• _TASK GOAL_
Only the lines of the data below from the one with "# Drawn here: x" through the one with "doc.layers.add('BLACK', color=7, linetype='CONTINUOUS')" are wanted. Repeat them exactly.

• _SOURCE RECORDS_
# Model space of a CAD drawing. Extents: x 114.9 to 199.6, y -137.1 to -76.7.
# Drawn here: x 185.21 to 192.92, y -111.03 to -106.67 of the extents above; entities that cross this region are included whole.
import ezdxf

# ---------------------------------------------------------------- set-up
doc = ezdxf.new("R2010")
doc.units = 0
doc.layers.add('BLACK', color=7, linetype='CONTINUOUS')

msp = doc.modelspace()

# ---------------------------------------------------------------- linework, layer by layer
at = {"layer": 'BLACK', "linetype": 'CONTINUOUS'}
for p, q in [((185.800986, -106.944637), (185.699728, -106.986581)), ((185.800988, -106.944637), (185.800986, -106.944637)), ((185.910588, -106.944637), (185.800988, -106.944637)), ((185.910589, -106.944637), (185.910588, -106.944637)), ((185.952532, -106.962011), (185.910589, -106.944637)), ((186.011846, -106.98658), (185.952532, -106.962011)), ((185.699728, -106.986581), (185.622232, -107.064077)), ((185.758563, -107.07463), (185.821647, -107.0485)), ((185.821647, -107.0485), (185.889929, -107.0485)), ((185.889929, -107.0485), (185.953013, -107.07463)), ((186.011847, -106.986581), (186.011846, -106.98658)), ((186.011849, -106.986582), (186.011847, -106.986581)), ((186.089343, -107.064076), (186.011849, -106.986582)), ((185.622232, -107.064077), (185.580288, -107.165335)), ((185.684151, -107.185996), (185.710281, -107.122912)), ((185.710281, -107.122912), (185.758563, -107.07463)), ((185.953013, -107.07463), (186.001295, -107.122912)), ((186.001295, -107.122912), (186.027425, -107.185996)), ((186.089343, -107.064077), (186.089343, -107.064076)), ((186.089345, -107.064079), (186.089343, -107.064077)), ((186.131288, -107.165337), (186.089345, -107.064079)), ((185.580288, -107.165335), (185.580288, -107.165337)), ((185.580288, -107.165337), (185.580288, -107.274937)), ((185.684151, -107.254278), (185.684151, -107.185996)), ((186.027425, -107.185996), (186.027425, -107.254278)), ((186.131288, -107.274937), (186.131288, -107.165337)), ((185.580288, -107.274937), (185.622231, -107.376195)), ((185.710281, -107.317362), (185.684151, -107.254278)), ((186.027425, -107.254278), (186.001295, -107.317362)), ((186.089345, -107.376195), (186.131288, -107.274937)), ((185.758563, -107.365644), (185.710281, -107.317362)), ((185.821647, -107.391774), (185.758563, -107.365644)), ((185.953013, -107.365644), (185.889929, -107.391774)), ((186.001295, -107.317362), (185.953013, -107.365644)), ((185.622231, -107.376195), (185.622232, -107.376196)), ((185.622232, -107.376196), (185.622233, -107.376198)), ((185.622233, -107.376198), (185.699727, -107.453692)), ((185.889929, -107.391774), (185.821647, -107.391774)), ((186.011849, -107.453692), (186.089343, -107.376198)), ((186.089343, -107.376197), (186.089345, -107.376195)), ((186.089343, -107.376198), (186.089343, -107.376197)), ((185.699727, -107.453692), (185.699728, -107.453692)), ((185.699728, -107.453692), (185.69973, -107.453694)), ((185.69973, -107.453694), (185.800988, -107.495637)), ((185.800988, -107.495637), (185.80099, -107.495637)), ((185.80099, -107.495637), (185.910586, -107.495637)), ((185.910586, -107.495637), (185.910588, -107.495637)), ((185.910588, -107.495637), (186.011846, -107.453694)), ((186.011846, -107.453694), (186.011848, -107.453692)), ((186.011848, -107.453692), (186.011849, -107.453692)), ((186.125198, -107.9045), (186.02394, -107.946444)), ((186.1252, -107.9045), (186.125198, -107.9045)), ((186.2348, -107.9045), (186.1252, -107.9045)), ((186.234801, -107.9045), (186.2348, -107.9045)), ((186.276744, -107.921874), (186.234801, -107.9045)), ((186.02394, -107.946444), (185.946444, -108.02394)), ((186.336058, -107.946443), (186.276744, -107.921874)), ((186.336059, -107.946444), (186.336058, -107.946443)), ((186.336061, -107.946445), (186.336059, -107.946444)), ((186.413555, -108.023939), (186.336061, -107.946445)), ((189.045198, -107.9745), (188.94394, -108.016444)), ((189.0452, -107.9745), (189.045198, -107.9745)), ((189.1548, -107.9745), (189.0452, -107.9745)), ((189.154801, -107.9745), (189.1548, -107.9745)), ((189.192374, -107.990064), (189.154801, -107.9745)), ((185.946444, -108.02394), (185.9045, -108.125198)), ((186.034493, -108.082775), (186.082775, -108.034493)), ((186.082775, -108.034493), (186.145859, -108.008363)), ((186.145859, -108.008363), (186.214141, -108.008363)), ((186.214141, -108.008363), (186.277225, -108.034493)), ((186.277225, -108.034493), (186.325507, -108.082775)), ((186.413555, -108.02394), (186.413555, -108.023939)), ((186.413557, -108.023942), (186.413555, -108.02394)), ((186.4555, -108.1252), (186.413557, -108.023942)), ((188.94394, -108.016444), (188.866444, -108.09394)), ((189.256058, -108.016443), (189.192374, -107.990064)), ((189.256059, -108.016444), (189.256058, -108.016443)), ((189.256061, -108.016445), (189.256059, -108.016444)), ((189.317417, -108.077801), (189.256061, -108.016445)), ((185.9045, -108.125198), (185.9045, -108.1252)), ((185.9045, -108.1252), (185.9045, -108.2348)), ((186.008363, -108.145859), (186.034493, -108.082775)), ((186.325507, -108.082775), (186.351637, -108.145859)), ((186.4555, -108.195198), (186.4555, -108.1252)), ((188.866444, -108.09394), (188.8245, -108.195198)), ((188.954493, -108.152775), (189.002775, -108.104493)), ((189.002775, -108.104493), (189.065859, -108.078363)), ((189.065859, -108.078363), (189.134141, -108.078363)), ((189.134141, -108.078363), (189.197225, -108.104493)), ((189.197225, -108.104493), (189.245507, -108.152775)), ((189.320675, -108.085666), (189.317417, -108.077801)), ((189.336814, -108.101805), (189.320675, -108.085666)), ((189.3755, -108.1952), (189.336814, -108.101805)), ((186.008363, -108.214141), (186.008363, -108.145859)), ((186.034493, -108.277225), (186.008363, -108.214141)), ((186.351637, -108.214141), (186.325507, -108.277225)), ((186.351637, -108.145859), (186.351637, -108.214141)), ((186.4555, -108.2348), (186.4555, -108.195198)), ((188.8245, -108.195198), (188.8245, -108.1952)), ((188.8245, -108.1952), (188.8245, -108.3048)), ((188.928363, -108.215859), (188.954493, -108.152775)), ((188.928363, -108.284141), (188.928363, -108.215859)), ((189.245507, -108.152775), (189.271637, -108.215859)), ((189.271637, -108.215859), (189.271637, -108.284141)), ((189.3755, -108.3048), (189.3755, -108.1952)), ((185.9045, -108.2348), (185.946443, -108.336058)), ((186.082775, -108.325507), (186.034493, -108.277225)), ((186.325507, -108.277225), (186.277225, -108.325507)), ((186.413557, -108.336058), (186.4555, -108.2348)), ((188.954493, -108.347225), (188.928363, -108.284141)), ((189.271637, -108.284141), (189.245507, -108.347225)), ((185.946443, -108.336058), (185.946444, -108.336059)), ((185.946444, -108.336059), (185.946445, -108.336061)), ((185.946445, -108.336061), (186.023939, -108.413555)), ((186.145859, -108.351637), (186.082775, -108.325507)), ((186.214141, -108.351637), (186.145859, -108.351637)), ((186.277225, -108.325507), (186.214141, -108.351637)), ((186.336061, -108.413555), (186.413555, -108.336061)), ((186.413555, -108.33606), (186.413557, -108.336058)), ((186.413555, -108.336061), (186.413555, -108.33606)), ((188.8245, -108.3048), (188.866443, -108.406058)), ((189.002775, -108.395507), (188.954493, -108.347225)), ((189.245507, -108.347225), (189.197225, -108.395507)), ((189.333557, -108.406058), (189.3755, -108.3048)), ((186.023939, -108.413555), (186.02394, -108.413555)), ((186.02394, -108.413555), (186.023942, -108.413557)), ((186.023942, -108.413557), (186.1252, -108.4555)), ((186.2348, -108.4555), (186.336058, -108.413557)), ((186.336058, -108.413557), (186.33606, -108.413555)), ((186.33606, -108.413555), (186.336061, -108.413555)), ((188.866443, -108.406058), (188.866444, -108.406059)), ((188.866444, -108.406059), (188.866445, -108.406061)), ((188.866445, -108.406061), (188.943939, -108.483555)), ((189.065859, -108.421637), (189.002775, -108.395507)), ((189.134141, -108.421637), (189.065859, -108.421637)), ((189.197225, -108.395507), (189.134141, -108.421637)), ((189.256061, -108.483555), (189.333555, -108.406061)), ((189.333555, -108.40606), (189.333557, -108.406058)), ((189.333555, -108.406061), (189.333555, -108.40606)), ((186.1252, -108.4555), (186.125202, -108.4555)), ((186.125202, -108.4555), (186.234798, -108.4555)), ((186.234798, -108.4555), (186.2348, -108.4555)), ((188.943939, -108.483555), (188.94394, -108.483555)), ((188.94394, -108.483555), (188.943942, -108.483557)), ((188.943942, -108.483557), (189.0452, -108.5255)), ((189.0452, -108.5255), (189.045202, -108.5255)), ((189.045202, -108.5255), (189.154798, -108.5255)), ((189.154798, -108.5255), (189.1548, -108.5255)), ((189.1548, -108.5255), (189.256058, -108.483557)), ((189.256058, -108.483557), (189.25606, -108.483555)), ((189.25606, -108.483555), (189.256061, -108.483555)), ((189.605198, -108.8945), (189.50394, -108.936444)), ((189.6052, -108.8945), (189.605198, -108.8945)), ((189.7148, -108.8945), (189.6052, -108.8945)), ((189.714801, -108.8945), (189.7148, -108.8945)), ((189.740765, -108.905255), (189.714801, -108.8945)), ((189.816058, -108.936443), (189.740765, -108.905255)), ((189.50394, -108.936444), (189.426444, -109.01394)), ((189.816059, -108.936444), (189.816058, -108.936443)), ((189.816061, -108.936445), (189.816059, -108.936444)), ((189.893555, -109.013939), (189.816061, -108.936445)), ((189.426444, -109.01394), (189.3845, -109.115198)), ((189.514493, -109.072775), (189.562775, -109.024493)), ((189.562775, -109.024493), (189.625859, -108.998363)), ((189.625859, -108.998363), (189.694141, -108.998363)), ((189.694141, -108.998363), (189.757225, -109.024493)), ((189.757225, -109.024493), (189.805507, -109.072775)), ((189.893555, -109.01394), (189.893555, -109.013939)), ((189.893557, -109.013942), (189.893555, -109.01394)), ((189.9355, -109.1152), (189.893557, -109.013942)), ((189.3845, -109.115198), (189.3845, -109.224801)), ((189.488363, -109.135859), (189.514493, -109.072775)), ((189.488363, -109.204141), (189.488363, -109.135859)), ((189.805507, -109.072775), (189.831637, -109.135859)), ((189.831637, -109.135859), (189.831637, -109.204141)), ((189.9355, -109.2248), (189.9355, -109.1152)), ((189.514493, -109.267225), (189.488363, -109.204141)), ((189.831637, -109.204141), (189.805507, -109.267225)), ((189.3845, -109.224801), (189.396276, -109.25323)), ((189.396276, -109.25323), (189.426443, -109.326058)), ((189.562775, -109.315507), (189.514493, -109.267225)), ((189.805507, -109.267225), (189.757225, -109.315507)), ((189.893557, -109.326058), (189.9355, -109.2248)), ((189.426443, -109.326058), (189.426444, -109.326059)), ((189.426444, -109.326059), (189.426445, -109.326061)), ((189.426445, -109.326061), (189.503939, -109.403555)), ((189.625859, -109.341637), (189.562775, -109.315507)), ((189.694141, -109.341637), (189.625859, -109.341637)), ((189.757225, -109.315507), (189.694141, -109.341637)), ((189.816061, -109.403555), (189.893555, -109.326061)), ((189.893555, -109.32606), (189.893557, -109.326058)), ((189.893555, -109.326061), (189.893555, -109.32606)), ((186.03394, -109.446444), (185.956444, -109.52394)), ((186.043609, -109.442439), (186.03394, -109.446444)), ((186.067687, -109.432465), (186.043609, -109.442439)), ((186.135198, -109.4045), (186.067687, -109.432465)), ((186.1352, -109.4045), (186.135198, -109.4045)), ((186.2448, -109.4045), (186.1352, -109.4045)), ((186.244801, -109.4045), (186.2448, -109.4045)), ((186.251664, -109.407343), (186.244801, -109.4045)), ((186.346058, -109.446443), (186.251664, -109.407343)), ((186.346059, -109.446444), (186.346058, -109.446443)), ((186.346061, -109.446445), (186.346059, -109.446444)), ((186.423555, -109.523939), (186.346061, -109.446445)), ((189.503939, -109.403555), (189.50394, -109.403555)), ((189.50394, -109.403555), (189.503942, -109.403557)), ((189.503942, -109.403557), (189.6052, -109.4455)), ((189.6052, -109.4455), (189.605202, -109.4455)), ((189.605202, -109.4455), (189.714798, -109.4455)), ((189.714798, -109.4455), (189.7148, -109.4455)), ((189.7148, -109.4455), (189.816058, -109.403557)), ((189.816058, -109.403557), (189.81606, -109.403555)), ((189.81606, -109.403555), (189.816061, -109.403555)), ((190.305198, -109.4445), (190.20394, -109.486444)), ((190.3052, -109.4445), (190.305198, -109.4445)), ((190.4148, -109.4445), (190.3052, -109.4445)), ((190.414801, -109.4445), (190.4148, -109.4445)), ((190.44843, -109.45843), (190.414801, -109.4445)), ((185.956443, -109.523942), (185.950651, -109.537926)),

• _ANSWER BOX_
# Drawn here: x 185.21 to 192.92, y -111.03 to -106.67 of the extents above; entities that cross this region are included whole.
import ezdxf

# ---------------------------------------------------------------- set-up
doc = ezdxf.new("R2010")
doc.units = 0
doc.layers.add('BLACK', color=7, linetype='CONTINUOUS')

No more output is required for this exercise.